Is it that you realize your views are unethical and inhumane as they're predicated on the creation and maintenance of human suffering for the benefit of others? Or just that you can't think of a counterargument and are unwilling to admit that you're maybe wrong about a thing?
There is no "natural balance". You're also ignoring (or perhaps, deliberately avoiding) that said "balance" is fundamentally
unbalanced by the existence of duress on only one side of the equation, that of the workers.
If we told people to sign a contract or their children will go without food and they'll end up homeless in the street, that would be considered an unlawful threat and that kind of duress would render such a contract null and void, legally speaking. But that duress is present in
every labor negotiation, and gets to skate by as it's only
indirectly present; the potential employer is not
personally responsible for the state of duress, they're simply
exploiting it for their own gain, at the expense of workers.

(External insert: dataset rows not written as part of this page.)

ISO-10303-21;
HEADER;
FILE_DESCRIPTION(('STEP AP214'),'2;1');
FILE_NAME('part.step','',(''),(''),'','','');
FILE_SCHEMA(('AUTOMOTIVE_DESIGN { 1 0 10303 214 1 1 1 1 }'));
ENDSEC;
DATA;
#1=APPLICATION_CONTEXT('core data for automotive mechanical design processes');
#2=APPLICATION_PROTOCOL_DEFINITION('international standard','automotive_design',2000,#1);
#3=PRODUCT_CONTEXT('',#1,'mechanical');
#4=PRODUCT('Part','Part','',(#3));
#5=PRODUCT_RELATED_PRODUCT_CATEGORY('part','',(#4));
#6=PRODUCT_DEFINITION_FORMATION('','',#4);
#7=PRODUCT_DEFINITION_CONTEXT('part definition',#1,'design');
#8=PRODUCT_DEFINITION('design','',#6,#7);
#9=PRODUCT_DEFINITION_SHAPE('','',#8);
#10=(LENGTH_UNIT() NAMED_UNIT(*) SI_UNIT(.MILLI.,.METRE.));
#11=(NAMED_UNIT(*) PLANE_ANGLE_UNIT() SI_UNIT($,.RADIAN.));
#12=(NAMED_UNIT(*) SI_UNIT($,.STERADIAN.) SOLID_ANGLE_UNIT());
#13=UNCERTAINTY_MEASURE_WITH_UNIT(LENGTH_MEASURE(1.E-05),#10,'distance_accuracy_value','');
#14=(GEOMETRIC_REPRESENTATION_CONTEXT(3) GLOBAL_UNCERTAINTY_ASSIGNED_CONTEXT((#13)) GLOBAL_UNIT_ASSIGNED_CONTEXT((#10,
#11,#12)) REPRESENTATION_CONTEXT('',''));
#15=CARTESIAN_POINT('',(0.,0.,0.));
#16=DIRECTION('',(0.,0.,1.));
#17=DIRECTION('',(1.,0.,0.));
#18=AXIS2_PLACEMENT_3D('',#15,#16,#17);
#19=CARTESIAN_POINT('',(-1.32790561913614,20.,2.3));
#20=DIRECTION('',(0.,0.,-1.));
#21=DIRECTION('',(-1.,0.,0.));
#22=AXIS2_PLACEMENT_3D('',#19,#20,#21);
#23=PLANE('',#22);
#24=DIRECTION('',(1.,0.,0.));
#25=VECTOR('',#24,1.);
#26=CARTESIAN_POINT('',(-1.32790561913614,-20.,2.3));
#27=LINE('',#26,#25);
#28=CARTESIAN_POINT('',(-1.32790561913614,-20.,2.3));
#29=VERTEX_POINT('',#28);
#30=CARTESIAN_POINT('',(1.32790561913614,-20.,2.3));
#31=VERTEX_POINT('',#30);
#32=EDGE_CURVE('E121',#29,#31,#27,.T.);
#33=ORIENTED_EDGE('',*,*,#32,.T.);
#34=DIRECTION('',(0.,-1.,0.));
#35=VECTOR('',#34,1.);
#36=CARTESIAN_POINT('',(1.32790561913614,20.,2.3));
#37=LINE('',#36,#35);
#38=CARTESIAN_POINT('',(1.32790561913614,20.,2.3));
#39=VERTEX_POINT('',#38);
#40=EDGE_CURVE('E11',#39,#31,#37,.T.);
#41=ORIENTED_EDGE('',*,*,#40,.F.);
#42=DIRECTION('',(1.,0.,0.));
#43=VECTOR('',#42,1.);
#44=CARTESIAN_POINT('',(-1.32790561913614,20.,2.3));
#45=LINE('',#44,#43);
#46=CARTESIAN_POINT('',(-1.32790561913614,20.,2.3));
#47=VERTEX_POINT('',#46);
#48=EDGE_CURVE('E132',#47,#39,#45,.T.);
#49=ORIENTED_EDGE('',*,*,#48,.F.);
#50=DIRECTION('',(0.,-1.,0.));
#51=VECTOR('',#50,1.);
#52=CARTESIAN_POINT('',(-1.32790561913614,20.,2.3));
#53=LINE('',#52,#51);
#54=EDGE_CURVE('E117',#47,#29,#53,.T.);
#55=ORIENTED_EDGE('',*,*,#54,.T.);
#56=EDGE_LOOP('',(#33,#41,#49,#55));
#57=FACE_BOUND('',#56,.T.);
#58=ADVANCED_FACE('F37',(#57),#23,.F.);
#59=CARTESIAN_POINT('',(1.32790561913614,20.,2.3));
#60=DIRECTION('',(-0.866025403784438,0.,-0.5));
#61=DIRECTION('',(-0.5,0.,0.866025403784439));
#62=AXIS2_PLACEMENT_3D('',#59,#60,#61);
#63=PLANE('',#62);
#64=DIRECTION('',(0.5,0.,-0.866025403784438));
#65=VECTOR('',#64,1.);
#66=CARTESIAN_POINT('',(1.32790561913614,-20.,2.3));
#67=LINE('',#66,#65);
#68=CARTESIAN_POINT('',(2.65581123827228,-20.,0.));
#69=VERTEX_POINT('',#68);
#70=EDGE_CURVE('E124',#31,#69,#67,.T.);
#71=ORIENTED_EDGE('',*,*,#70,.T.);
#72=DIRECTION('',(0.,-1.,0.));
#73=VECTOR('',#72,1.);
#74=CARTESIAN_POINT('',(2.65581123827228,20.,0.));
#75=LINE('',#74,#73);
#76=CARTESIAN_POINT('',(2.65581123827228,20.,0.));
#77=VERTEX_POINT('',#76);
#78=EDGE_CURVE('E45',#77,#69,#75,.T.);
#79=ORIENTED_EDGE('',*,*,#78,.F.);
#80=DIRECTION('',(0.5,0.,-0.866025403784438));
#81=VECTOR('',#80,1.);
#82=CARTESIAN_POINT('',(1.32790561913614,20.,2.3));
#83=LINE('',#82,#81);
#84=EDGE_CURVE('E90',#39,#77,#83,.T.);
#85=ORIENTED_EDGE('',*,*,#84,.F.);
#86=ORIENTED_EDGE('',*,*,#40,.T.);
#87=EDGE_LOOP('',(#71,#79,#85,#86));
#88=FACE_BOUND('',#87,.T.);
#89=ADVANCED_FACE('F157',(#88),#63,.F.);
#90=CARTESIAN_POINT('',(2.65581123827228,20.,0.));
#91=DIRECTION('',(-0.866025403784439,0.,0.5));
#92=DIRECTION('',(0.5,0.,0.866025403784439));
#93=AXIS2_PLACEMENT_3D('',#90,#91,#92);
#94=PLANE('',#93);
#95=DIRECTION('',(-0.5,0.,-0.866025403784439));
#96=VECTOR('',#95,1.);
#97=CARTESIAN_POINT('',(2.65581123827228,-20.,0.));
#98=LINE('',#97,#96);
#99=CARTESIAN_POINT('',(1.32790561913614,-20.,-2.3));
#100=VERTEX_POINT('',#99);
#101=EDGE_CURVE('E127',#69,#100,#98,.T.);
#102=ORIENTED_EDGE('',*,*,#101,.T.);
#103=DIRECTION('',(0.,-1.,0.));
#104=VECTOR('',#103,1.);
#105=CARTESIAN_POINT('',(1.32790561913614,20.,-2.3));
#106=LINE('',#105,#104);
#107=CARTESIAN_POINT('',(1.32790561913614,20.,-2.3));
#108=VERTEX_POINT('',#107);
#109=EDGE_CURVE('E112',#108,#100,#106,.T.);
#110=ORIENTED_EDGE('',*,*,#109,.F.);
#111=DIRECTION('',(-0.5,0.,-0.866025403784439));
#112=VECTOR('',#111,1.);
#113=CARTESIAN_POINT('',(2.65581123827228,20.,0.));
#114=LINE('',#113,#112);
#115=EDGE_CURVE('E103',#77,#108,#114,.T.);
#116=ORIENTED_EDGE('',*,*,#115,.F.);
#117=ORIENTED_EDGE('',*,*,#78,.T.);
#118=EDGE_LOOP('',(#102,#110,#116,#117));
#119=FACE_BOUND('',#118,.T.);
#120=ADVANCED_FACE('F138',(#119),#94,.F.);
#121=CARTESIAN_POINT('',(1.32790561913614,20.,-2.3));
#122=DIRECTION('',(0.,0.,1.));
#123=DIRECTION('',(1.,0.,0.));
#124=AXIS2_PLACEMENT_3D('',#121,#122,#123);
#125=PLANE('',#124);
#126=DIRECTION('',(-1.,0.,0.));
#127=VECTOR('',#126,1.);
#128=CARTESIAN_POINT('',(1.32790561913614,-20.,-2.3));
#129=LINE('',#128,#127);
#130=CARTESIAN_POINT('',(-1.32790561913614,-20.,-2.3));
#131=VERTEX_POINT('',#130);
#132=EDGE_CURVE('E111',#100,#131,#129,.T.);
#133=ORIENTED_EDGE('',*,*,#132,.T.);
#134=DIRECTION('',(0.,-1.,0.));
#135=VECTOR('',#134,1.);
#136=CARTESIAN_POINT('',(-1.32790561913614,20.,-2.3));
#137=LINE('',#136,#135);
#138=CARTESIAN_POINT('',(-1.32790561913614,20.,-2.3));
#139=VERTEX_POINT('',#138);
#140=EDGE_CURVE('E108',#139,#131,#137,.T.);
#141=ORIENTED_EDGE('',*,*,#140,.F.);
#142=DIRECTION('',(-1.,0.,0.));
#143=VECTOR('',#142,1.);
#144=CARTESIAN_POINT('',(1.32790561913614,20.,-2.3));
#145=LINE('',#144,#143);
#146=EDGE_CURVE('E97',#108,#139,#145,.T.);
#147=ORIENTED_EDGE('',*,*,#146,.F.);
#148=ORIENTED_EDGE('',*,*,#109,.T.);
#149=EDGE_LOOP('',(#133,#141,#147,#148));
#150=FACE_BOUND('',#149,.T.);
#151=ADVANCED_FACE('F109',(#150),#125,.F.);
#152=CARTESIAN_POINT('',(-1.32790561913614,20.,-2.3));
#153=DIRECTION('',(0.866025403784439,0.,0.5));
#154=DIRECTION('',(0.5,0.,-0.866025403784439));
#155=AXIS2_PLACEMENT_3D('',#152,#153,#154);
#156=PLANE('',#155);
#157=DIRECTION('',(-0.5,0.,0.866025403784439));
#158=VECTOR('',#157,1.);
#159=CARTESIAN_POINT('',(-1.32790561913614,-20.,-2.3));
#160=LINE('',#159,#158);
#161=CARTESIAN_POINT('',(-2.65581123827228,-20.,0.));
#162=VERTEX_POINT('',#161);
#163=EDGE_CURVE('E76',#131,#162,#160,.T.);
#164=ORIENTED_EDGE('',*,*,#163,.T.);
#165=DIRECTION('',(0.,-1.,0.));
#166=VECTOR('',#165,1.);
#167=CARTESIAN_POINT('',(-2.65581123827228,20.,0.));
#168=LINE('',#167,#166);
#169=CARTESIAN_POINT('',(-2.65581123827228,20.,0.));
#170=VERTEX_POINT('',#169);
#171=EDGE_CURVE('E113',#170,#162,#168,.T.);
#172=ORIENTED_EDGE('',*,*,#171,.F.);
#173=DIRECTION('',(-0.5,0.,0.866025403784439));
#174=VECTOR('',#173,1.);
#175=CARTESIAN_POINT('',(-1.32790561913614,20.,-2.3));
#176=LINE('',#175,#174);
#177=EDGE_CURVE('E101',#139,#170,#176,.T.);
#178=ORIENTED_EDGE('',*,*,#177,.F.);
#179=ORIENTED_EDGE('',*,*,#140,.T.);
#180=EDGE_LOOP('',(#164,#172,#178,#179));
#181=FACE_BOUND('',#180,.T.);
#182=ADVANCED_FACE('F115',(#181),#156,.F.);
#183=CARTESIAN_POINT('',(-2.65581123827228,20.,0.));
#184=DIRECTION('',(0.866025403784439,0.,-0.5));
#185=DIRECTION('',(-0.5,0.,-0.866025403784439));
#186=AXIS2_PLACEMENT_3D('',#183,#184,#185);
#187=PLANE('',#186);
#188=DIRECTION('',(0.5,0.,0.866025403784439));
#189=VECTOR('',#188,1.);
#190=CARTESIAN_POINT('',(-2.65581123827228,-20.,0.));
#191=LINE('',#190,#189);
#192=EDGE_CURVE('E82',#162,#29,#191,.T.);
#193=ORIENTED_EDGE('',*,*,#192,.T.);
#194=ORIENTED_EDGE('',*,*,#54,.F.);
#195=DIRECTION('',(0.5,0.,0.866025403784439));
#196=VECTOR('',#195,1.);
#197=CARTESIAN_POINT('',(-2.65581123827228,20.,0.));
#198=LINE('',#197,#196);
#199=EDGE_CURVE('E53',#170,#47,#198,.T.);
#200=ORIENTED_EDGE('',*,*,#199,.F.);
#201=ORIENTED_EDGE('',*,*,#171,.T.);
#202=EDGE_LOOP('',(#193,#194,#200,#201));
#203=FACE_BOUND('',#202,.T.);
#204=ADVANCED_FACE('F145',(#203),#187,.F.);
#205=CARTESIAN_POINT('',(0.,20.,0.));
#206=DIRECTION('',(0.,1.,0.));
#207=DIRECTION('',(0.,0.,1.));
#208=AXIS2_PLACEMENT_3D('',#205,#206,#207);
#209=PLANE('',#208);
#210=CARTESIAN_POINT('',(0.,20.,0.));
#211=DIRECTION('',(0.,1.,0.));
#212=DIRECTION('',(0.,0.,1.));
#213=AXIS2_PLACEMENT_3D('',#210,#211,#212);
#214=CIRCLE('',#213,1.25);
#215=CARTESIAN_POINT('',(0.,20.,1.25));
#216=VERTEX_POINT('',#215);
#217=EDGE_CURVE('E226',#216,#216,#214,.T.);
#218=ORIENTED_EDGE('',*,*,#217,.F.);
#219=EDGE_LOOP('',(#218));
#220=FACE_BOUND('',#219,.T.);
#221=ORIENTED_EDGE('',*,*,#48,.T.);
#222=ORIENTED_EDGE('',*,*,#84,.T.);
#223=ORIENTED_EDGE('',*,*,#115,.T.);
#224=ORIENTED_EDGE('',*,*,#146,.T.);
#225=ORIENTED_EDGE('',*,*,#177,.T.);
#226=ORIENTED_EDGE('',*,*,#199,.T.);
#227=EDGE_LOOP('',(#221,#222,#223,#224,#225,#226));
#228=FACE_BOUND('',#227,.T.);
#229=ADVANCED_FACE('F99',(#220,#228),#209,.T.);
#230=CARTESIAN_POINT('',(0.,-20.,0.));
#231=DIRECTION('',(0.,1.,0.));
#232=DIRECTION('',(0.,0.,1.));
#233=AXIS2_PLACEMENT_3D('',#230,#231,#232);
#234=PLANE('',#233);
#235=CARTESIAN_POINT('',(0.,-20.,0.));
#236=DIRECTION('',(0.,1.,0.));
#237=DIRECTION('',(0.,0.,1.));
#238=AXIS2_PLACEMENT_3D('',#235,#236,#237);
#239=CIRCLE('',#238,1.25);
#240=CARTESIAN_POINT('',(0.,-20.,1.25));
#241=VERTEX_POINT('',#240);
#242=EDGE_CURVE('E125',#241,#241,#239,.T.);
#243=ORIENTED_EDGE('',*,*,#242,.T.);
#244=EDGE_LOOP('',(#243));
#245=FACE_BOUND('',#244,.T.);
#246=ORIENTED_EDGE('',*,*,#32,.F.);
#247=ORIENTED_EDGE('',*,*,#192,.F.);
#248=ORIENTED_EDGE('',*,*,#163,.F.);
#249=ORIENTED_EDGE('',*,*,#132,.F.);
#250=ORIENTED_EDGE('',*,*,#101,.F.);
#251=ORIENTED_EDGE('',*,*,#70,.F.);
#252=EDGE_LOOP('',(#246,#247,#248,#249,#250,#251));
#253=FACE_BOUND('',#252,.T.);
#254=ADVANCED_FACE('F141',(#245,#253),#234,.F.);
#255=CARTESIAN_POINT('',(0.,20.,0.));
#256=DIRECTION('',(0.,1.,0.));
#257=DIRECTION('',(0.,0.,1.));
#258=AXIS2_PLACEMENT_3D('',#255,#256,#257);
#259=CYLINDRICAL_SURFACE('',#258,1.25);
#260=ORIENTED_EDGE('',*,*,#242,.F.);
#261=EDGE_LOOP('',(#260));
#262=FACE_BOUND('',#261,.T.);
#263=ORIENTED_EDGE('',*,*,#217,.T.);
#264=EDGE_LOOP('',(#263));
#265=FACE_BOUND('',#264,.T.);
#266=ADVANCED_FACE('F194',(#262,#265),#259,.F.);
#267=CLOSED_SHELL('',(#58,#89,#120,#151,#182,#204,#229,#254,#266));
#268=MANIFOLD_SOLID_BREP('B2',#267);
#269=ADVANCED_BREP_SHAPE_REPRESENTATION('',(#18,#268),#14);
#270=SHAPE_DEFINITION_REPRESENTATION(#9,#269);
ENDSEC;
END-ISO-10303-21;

None of this is "sustainable". It only ever lasts until the workers get fed up with being bled for the rich, and then the workers do things like invent the guillotine because they're slaughtering the rich in such numbers they need a more time-effective and reliable means to use for the process. The boom-and-bust cycle of capitalist economies is similarly not "sustainable"; it's constantly veering away from boom cycles into recessions, and only barely pulling itself out, and generally only doing so through exactly the kind of interference that you're bemoaning.
We
tried a capitalist system with no fingers on the scale. The 19th and through the early 20th Century Industrial Revolution. The outcome was egregious income inequality, people working 16-18 hour days 6-7 days a week just to make so little money that their children would have to work by age 6-8 if they wanted to eat. It was an economy that flipped from boom to bust so badly it
ruined economies; the Great Depression was the final straw that forced governments to respond, but the Great Depression has that adjective "Great" for a reason; it was
not by any means the
first Depression, just the latest in a long string.
Feel free to browse the list if you doubt me;
https://en.wikipedia.org/wiki/List_o..._United_States
The idea that a free and unchecked capitalist economy would be
sustainable is an absolutely ridiculous idea that has been conclusively and repeatedly debunked by reality.